# Uber's driver app is piss poor



## SoCalBrit (Jan 21, 2015)

I am an app developer. Like a serious one, apps for Fortune 100 companies serious. As a professional in this area I can categorically tell you what you already know. That Uber's driver app for iPhone is a steaming pile of turd, that they seem to shove out the door at the end of every week, and force you to update to before you can go online.

I started driving in December, and back then the app would do this thing where whenever it went online, offline or a ping came in, Uber Driver would stop my music playing. I like to have my playlist going while driving for me and my riders. Uber apparently doesn't like this. Anyway in my head I would tell myself that Uber is a $40Bn operation and must have a crack team of developers that really know their stuff. I was wrong.

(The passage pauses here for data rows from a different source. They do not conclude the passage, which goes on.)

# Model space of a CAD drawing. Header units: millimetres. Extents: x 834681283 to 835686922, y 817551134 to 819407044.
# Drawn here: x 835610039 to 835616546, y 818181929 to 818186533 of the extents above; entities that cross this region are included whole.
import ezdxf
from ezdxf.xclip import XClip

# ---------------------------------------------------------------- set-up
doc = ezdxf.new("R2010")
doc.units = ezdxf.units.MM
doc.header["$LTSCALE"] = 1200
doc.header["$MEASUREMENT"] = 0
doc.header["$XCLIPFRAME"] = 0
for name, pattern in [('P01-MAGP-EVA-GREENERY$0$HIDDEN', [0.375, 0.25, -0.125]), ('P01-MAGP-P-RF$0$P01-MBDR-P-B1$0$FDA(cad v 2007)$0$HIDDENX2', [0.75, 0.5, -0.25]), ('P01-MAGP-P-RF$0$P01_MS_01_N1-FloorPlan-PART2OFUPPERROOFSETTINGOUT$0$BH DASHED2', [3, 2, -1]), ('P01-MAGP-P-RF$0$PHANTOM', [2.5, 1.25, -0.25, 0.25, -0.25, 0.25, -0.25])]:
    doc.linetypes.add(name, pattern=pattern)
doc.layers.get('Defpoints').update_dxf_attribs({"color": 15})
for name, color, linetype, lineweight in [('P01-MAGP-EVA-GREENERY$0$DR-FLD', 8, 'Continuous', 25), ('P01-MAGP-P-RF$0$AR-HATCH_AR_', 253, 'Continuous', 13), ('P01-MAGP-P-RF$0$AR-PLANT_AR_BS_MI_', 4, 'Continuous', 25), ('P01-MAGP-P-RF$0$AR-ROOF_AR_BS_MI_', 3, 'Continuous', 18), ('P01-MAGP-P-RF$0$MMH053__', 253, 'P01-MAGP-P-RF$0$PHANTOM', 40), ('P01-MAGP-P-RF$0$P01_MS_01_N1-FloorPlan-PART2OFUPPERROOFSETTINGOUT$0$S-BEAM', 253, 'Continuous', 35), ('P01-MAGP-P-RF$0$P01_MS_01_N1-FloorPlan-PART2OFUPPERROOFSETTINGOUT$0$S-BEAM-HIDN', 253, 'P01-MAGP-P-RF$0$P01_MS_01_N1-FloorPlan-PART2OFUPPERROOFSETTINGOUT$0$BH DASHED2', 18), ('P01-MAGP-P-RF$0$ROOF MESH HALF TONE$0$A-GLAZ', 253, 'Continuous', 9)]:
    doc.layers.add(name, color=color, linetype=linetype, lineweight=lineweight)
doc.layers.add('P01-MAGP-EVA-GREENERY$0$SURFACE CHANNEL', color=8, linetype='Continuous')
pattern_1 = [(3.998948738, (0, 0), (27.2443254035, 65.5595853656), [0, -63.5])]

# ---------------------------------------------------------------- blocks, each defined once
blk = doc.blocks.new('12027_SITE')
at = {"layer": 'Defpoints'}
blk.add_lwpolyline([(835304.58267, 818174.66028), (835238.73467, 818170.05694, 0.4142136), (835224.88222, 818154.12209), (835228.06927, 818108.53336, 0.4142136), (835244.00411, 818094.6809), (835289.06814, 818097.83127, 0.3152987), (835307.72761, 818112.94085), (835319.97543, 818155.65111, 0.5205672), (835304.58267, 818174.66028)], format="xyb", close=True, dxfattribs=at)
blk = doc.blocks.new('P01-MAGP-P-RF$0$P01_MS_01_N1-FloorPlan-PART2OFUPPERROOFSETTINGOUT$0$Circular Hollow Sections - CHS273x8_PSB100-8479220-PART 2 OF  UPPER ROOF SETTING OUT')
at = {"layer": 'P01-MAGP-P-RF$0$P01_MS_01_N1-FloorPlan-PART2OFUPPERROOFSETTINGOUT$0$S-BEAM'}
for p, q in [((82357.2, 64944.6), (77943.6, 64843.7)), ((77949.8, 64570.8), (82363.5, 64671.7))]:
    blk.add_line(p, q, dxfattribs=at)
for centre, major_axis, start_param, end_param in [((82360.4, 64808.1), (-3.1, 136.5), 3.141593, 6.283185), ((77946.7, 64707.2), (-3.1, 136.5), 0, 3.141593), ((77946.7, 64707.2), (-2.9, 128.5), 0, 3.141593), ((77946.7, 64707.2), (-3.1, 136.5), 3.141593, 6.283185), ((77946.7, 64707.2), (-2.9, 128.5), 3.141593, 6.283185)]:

Subsequent updates to the iPhone app brought changes, but not the ones I'd hoped. Just further irritation and sub par user interface. It's like the development has never sought any feedback from drivers, nor ever driven a car themselves (I guess if you work for Uber you don't need to). The latest release that I updated to last night brought the most irritating change to date. I would be playing my music during the ride, then at the end when I swipe to end the trip, the feed to the AUX cable would switch to playing out of the phone speakers, very obnoxiously. Not once or twice, every time.

This supposed $40Bn company becomes more laughable to me every day.


----------



## SDUberdriver (Nov 11, 2014)

SoCalBrit said:


> I am an app developer. Like a serious one, apps for Fortune 100 companies serious. As a professional in this area I can categorically tell you what you already know. That Uber's driver app for iPhone is a steaming pile of turd, that they seem to shove out the door at the end of every week, and force you to update to before you can go online.
> 
> I started driving in December, and back then the app would do this thing where whenever it went online, offline or a ping came in, Uber Driver would stop my music playing. I like to have my playlist going while driving for me and my riders. Uber apparently doesn't like this. Anyway in my head I would tell myself that Uber is a $40Bn operation and must have a crack team of developers that really know their stuff. I was wrong.
> 
> ...


_If you are a serious app developer as you say you are. Lets pool our 80% we receive as drivers ,and build an app with a tip button._


----------



## SoCalBrit (Jan 21, 2015)

SDUberdriver said:


> _If you are a serious app developer as you say you are. Lets pool our 80% we receive as drivers ,and build an app with a tip button._


The $10/hr I made for the 6 hours I worked last night, buys about 30 minutes of my time in the real world.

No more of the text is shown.